= Exercise input =
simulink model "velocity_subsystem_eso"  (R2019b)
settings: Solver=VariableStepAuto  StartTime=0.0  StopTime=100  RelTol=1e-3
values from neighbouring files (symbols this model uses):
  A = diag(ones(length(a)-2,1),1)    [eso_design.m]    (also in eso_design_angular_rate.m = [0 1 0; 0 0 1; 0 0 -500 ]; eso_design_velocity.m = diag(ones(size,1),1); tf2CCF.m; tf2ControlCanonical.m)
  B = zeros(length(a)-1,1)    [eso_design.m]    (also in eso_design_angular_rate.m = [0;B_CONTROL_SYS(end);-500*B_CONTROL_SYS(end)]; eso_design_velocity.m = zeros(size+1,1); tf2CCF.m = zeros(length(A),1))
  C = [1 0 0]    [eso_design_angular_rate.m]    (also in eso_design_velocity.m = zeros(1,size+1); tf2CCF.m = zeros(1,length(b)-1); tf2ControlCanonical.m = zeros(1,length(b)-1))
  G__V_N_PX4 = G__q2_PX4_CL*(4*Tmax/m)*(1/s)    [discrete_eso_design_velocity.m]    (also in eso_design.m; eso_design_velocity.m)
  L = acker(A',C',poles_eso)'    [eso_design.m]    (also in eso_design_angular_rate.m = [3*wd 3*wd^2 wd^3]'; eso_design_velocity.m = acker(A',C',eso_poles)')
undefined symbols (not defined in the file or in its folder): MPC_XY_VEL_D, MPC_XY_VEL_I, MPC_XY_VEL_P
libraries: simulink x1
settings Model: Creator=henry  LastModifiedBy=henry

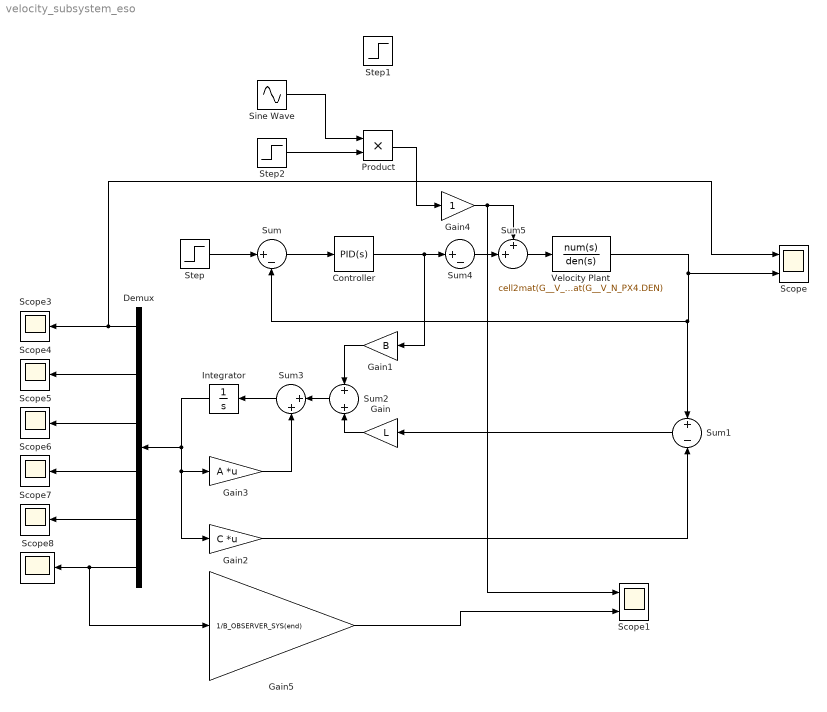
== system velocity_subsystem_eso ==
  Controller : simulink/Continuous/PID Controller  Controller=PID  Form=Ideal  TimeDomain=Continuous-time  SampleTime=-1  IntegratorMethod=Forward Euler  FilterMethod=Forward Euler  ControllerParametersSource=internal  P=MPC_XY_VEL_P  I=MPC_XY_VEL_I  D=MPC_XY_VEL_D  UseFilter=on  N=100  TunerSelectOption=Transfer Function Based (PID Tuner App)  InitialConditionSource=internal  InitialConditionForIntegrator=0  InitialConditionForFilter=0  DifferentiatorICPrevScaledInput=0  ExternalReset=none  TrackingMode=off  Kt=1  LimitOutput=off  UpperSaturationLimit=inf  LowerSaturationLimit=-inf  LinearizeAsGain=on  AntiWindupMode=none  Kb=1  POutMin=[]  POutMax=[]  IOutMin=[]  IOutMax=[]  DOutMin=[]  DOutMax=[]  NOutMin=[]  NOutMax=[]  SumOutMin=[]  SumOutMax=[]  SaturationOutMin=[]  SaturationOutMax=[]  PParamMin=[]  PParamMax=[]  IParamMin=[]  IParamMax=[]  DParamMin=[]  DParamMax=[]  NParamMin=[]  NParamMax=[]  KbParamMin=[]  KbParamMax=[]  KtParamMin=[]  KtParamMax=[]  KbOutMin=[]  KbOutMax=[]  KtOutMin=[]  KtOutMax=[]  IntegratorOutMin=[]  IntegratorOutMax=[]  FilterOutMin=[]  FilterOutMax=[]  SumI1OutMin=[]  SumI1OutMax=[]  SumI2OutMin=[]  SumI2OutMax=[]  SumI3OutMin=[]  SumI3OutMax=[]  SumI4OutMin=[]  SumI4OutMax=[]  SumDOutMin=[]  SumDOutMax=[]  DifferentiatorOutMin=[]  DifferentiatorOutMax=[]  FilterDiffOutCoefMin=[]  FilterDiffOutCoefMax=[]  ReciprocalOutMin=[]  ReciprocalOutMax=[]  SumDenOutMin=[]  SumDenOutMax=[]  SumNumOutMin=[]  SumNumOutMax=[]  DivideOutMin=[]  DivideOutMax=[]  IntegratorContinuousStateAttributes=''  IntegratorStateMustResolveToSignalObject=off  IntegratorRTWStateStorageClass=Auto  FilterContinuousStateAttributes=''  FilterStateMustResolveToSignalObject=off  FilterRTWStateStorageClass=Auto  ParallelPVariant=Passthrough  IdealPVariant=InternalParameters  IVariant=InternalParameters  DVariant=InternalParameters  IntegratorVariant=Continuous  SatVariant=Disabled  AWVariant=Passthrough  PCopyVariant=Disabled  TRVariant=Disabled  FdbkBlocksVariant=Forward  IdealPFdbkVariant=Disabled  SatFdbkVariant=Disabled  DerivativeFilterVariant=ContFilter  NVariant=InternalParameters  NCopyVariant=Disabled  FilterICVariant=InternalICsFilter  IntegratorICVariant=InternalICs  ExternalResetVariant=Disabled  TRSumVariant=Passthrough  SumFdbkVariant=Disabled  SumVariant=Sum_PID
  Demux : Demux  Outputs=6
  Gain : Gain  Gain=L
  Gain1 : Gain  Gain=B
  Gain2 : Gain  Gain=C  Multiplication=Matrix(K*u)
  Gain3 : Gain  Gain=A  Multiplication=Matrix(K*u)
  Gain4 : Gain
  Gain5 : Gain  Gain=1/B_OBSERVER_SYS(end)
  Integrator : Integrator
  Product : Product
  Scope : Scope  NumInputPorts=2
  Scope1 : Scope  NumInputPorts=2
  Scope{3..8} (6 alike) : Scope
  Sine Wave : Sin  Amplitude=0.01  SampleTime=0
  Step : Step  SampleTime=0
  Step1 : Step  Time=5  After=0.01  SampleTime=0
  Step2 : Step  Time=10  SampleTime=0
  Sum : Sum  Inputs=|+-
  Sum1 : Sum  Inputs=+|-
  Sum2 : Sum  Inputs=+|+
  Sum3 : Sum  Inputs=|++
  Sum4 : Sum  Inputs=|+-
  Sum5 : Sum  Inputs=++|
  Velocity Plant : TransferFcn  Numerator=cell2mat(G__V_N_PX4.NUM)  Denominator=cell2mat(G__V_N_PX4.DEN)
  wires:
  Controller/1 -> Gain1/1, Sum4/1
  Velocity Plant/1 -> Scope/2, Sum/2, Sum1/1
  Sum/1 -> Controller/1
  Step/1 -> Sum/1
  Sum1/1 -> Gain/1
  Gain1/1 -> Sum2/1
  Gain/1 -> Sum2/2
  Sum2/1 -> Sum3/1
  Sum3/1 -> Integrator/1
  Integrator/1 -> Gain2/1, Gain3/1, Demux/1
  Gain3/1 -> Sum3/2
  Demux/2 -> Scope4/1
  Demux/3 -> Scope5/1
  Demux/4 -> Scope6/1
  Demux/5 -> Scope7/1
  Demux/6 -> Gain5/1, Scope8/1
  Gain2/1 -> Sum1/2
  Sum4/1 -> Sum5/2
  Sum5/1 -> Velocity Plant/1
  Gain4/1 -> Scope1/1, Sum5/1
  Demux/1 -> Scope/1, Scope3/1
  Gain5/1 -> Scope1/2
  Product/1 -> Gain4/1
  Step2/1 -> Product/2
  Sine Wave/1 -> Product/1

= Exercise aim =
The data should be printed again unchanged; leave its pictures out.

= Response to this task =
simulink model "velocity_subsystem_eso"  (R2019b)
settings: Solver=VariableStepAuto  StartTime=0.0  StopTime=100  RelTol=1e-3
values from neighbouring files (symbols this model uses):
  A = diag(ones(length(a)-2,1),1)    [eso_design.m]    (also in eso_design_angular_rate.m = [0 1 0; 0 0 1; 0 0 -500 ]; eso_design_velocity.m = diag(ones(size,1),1); tf2CCF.m; tf2ControlCanonical.m)
  B = zeros(length(a)-1,1)    [eso_design.m]    (also in eso_design_angular_rate.m = [0;B_CONTROL_SYS(end);-500*B_CONTROL_SYS(end)]; eso_design_velocity.m = zeros(size+1,1); tf2CCF.m = zeros(length(A),1))
  C = [1 0 0]    [eso_design_angular_rate.m]    (also in eso_design_velocity.m = zeros(1,size+1); tf2CCF.m = zeros(1,length(b)-1); tf2ControlCanonical.m = zeros(1,length(b)-1))
  G__V_N_PX4 = G__q2_PX4_CL*(4*Tmax/m)*(1/s)    [discrete_eso_design_velocity.m]    (also in eso_design.m; eso_design_velocity.m)
  L = acker(A',C',poles_eso)'    [eso_design.m]    (also in eso_design_angular_rate.m = [3*wd 3*wd^2 wd^3]'; eso_design_velocity.m = acker(A',C',eso_poles)')
undefined symbols (not defined in the file or in its folder): MPC_XY_VEL_D, MPC_XY_VEL_I, MPC_XY_VEL_P
libraries: simulink x1
settings Model: Creator=henry  LastModifiedBy=henry

== system velocity_subsystem_eso ==
  Controller : simulink/Continuous/PID Controller  Controller=PID  Form=Ideal  TimeDomain=Continuous-time  SampleTime=-1  IntegratorMethod=Forward Euler  FilterMethod=Forward Euler  ControllerParametersSource=internal  P=MPC_XY_VEL_P  I=MPC_XY_VEL_I  D=MPC_XY_VEL_D  UseFilter=on  N=100  TunerSelectOption=Transfer Function Based (PID Tuner App)  InitialConditionSource=internal  InitialConditionForIntegrator=0  InitialConditionForFilter=0  DifferentiatorICPrevScaledInput=0  ExternalReset=none  TrackingMode=off  Kt=1  LimitOutput=off  UpperSaturationLimit=inf  LowerSaturationLimit=-inf  LinearizeAsGain=on  AntiWindupMode=none  Kb=1  POutMin=[]  POutMax=[]  IOutMin=[]  IOutMax=[]  DOutMin=[]  DOutMax=[]  NOutMin=[]  NOutMax=[]  SumOutMin=[]  SumOutMax=[]  SaturationOutMin=[]  SaturationOutMax=[]  PParamMin=[]  PParamMax=[]  IParamMin=[]  IParamMax=[]  DParamMin=[]  DParamMax=[]  NParamMin=[]  NParamMax=[]  KbParamMin=[]  KbParamMax=[]  KtParamMin=[]  KtParamMax=[]  KbOutMin=[]  KbOutMax=[]  KtOutMin=[]  KtOutMax=[]  IntegratorOutMin=[]  IntegratorOutMax=[]  FilterOutMin=[]  FilterOutMax=[]  SumI1OutMin=[]  SumI1OutMax=[]  SumI2OutMin=[]  SumI2OutMax=[]  SumI3OutMin=[]  SumI3OutMax=[]  SumI4OutMin=[]  SumI4OutMax=[]  SumDOutMin=[]  SumDOutMax=[]  DifferentiatorOutMin=[]  DifferentiatorOutMax=[]  FilterDiffOutCoefMin=[]  FilterDiffOutCoefMax=[]  ReciprocalOutMin=[]  ReciprocalOutMax=[]  SumDenOutMin=[]  SumDenOutMax=[]  SumNumOutMin=[]  SumNumOutMax=[]  DivideOutMin=[]  DivideOutMax=[]  IntegratorContinuousStateAttributes=''  IntegratorStateMustResolveToSignalObject=off  IntegratorRTWStateStorageClass=Auto  FilterContinuousStateAttributes=''  FilterStateMustResolveToSignalObject=off  FilterRTWStateStorageClass=Auto  ParallelPVariant=Passthrough  IdealPVariant=InternalParameters  IVariant=InternalParameters  DVariant=InternalParameters  IntegratorVariant=Continuous  SatVariant=Disabled  AWVariant=Passthrough  PCopyVariant=Disabled  TRVariant=Disabled  FdbkBlocksVariant=Forward  IdealPFdbkVariant=Disabled  SatFdbkVariant=Disabled  DerivativeFilterVariant=ContFilter  NVariant=InternalParameters  NCopyVariant=Disabled  FilterICVariant=InternalICsFilter  IntegratorICVariant=InternalICs  ExternalResetVariant=Disabled  TRSumVariant=Passthrough  SumFdbkVariant=Disabled  SumVariant=Sum_PID
  Demux : Demux  Outputs=6
  Gain : Gain  Gain=L
  Gain1 : Gain  Gain=B
  Gain2 : Gain  Gain=C  Multiplication=Matrix(K*u)
  Gain3 : Gain  Gain=A  Multiplication=Matrix(K*u)
  Gain4 : Gain
  Gain5 : Gain  Gain=1/B_OBSERVER_SYS(end)
  Integrator : Integrator
  Product : Product
  Scope : Scope  NumInputPorts=2
  Scope1 : Scope  NumInputPorts=2
  Scope{3..8} (6 alike) : Scope
  Sine Wave : Sin  Amplitude=0.01  SampleTime=0
  Step : Step  SampleTime=0
  Step1 : Step  Time=5  After=0.01  SampleTime=0
  Step2 : Step  Time=10  SampleTime=0
  Sum : Sum  Inputs=|+-
  Sum1 : Sum  Inputs=+|-
  Sum2 : Sum  Inputs=+|+
  Sum3 : Sum  Inputs=|++
  Sum4 : Sum  Inputs=|+-
  Sum5 : Sum  Inputs=++|
  Velocity Plant : TransferFcn  Numerator=cell2mat(G__V_N_PX4.NUM)  Denominator=cell2mat(G__V_N_PX4.DEN)
  wires:
  Controller/1 -> Gain1/1, Sum4/1
  Velocity Plant/1 -> Scope/2, Sum/2, Sum1/1
  Sum/1 -> Controller/1
  Step/1 -> Sum/1
  Sum1/1 -> Gain/1
  Gain1/1 -> Sum2/1
  Gain/1 -> Sum2/2
  Sum2/1 -> Sum3/1
  Sum3/1 -> Integrator/1
  Integrator/1 -> Gain2/1, Gain3/1, Demux/1
  Gain3/1 -> Sum3/2
  Demux/2 -> Scope4/1
  Demux/3 -> Scope5/1
  Demux/4 -> Scope6/1
  Demux/5 -> Scope7/1
  Demux/6 -> Gain5/1, Scope8/1
  Gain2/1 -> Sum1/2
  Sum4/1 -> Sum5/2
  Sum5/1 -> Velocity Plant/1
  Gain4/1 -> Scope1/1, Sum5/1
  Demux/1 -> Scope/1, Scope3/1
  Gain5/1 -> Scope1/2
  Product/1 -> Gain4/1
  Step2/1 -> Product/2
  Sine Wave/1 -> Product/1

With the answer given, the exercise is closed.